In a statutory redundancy situation if gross wages of 500e plus an employer pension contribution of 20e. 
Would the statutory payment be based on 500e or 520e
Thanks


----------



## Feemar5 (24 Mar 2021)

Usually based on gross pay which in your case appears to be 500 - regular overtime and benefits in kind such as health insurance can be included.


----------



## Cavanbhoy (24 Mar 2021)

Feemar5 said:


> Usually based on gross pay which in your case appears to be 500 - regular overtime and benefits in kind such as health insurance can be included.


Thanks for response so employer pension contributions are excluded so.


----------



## fayf (25 Mar 2021)

For simplicity, statutory redundancy is based on your weekly gross pay, or, €600, which ever is the lower amount. So its capped at €600 per week.

All other amounts such as BIK, Pension, Mileage, Lunch/Meals, Expenses, Bonusses, Commission are excluded.


----------



## RedOnion (25 Mar 2021)

fayf said:


> All other amounts such as BIK, Pension, Mileage, Lunch/Meals, Expenses, Bonusses, Commission are excluded.


BIK, bonuses & commission ARE included in the calculation of normal pay.

Here's the legislation if you're interested: 

16. (i) In the case of an employee who is paid wholly or partly by piece rates, bonuses or commissions (being piecerates, bonuses or commissions related directly to his output) and in the case of any other employee whose remuneration varies in relation to the amount of work done by him, his normal weekly remuneration shall be taken to be the amount as calculated in accordance with subparagraph (ii).

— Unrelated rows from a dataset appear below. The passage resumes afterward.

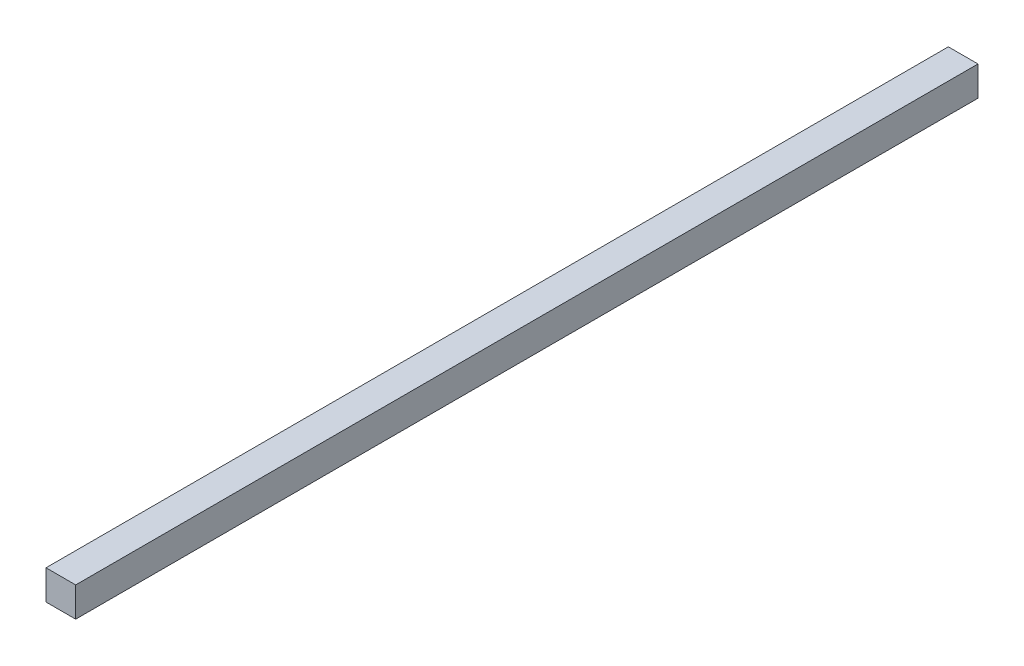
SolidWorks part; units mm, degrees
material "Plywood"
ref_plane "Front Plane" through (0, 0, 0) normal (0, 0, 1) x (1, 0, 0)
ref_plane "Top Plane" through (0, 0, 0) normal (0, 1, 0) x (1, 0, 0)
ref_plane "Right Plane" through (0, 0, 0) normal (1, 0, 0) x (0, 0, -1)
sketch "Sketch1" plane through (0, 0, 0) normal (1, 0, 0) x (0, 0, -1)
  line L0 (0, 12.7) -> (0, 0)
  line L1 (0, 0) -> (386.08, 0)
  line L3 (0, 12.7) -> (386.08, 12.7)
  line L4 (386.08, 0) -> (386.08, 12.7)
  dimension "D1" = 12.7
  dimension "D2" = 386.08
extrude "Boss-Extrude1" add sketch "Sketch1" along normal blind 12.7
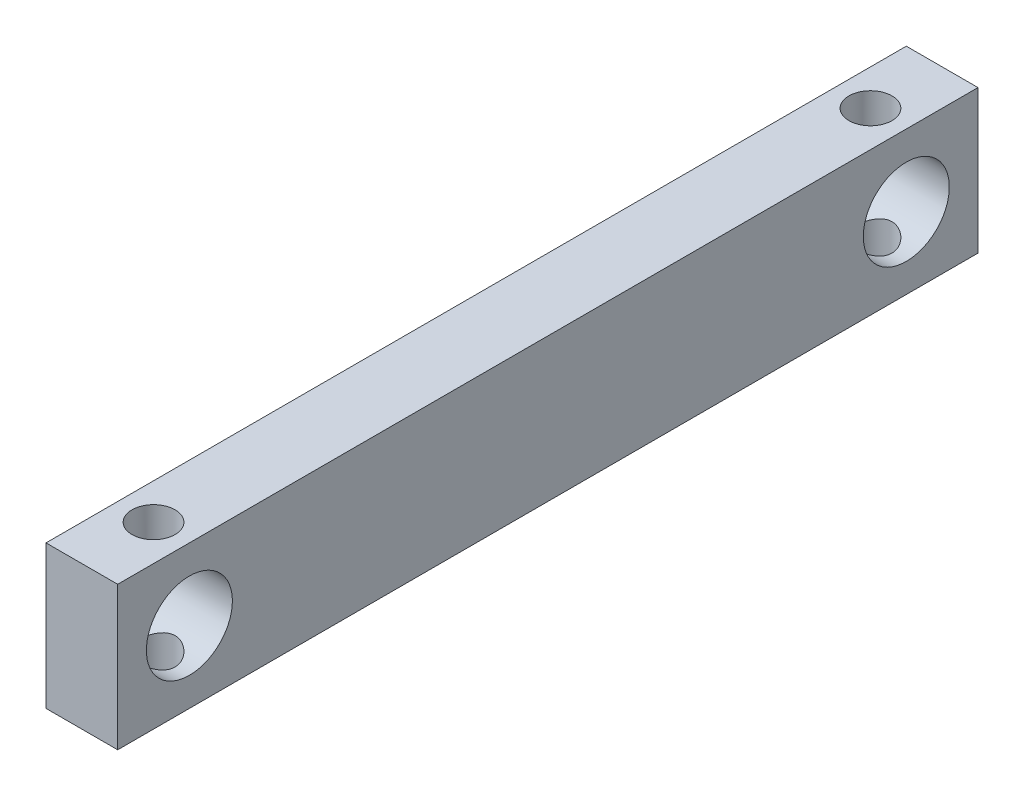
SolidWorks part; units mm, degrees
ref_plane "前基準面" through (0, 0, 0) normal (0, 0, 1) x (1, 0, 0)
ref_plane "上基準面" through (0, 0, 0) normal (0, 1, 0) x (1, 0, 0)
ref_plane "右基準面" through (0, 0, 0) normal (1, 0, 0) x (0, 0, -1)
sketch "草圖1" plane through (0, 0, 0) normal (1, 0, 0) x (0, 0, -1)
  line L0 (0, 7.5824) -> (0, -9.1209) construction
  line L1 (-30, -5) -> (30, -5)
  line L2 (-30, -5) -> (-30, 5)
  line L3 (-30, 5) -> (30, 5)
  line L4 (30, -5) -> (30, 5)
  line L5 (-30, -5) -> (30, 5) construction
  line L6 (-30, 5) -> (30, -5) construction
  circle A0 centre (-25, 0) radius 3
  circle A1 centre (25, 0) radius 3
  point P0 (0, 0)
  dimension "D2" = 6
  dimension "D3" = 5
  dimension "D4" = 50
  dimension "D1" = 10
extrude "填料-伸長1" add sketch "草圖1" along normal mid plane 5
sketch "草圖3" plane through (0, 0, 0) normal (0, 1, 0) x (1, 0, 0)
  line L0 (-9.8365, 0) -> (13.8019, 0) construction
  circle A0 centre (0, 25) radius 1.5
  circle A1 centre (0, -25) radius 1.5
  point P7 (0, 0)
  dimension "D1" = 50
  dimension "D2" = 3
extrude "除料-伸長1" cut sketch "草圖3" against normal through all both and the other way through all
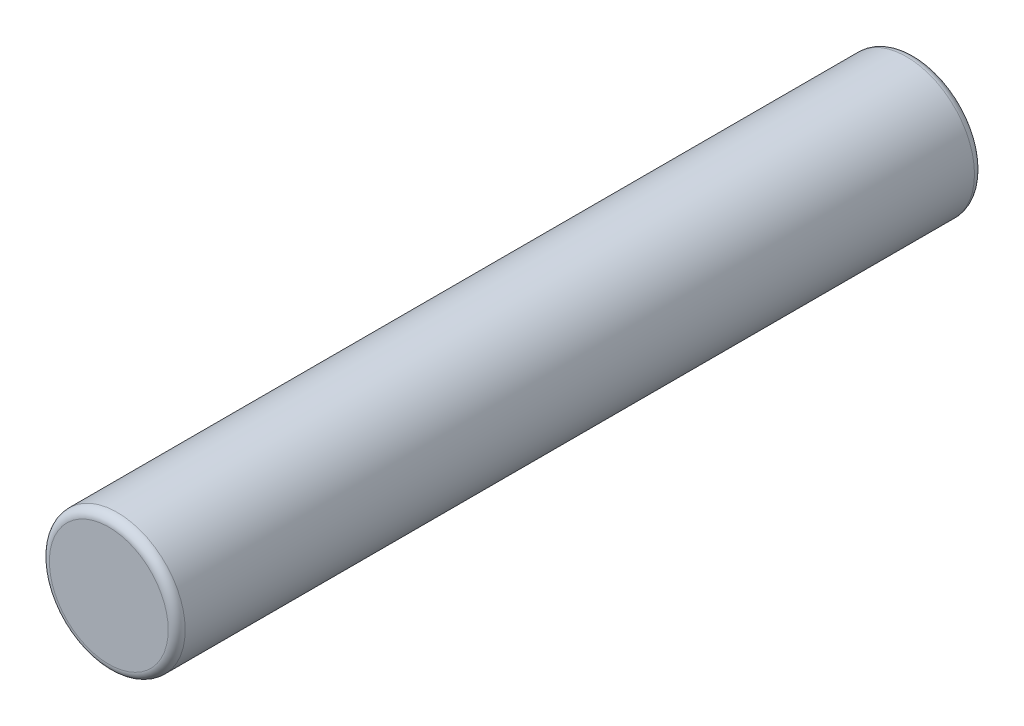
SolidWorks part; units mm, degrees
ref_plane "Front Plane" through (0, 0, 0) normal (0, 0, 1) x (1, 0, 0)
ref_plane "Top Plane" through (0, 0, 0) normal (0, 1, 0) x (1, 0, 0)
ref_plane "Right Plane" through (0, 0, 0) normal (1, 0, 0) x (0, 0, -1)
sketch "Sketch1" plane through (0, 0, 0) normal (0, 0, 1) x (1, 0, 0)
  circle A0 centre (0, 0) radius 0.8
  dimension "D1" = 1.6
extrude "Boss-Extrude1" add sketch "Sketch1" along normal blind 9.5
fillet "Fillet1" radius 0.1 2 edges at (0.8, 0, 0) (0.8, 0, 9.5)
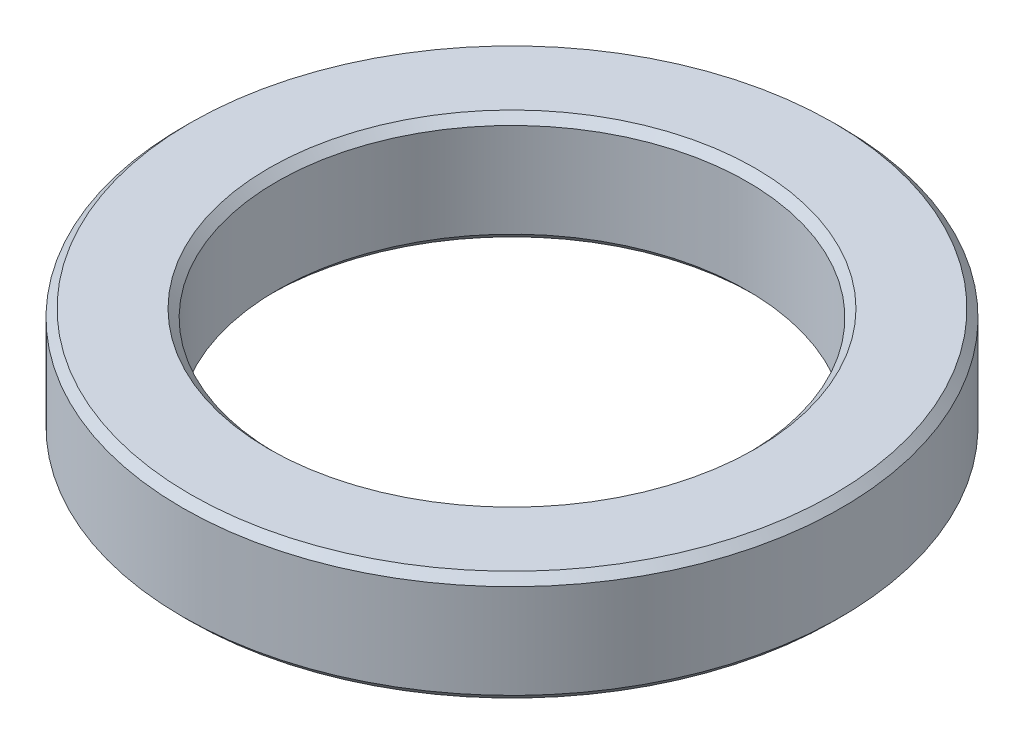
SolidWorks part; units mm, degrees
material "AISI 321 退火不锈钢 (SS)"
ref_plane "前视基准面" through (0, 0, 0) normal (0, 0, 1) x (1, 0, 0)
ref_plane "上视基准面" through (0, 0, 0) normal (0, 1, 0) x (1, 0, 0)
ref_plane "右视基准面" through (0, 0, 0) normal (1, 0, 0) x (0, 0, -1)
sketch "草图1" plane through (0, 0, 0) normal (0, 1, 0) x (1, 0, 0)
  circle A0 centre (0, 0) radius 21
  circle A1 centre (0, 0) radius 15
  dimension "D1" = 42
  dimension "D2" = 30
extrude "凸台-拉伸1" add sketch "草图1" along normal blind 7
chamfer "倒角1" distance 0.5 angle 45 4 edges at (0, 0, 15) (0, 7, 15) (0, 0, 21) (0, 7, 21)

(ii) For the purposes of subparagraph (i) normal weekly remuneration shall be calculated by dividing the remuneration to be taken into account in accordance with subparagraph (iii) by the number of hours ascertained in accordance with subparagraph (vi) and multiplying the resulting hourly rate by the normal weekly working hours of the employee concerned at the date on which he was declared redundant.

(iii) The remuneration to be taken into account for the purposes of subparagraph (ii) shall be the total remuneration paid to the employee concerned for all the hours worked in the period of 26 weeks which ended 13 weeks before the date on which the employee was declared redundant, adjusted in respect of any variations in the rates of pay which became operative during the period of 13 weeks ending on the date on which the employee was declared redundant.


----------



## fayf (25 Mar 2021)

Very interesting insight


----------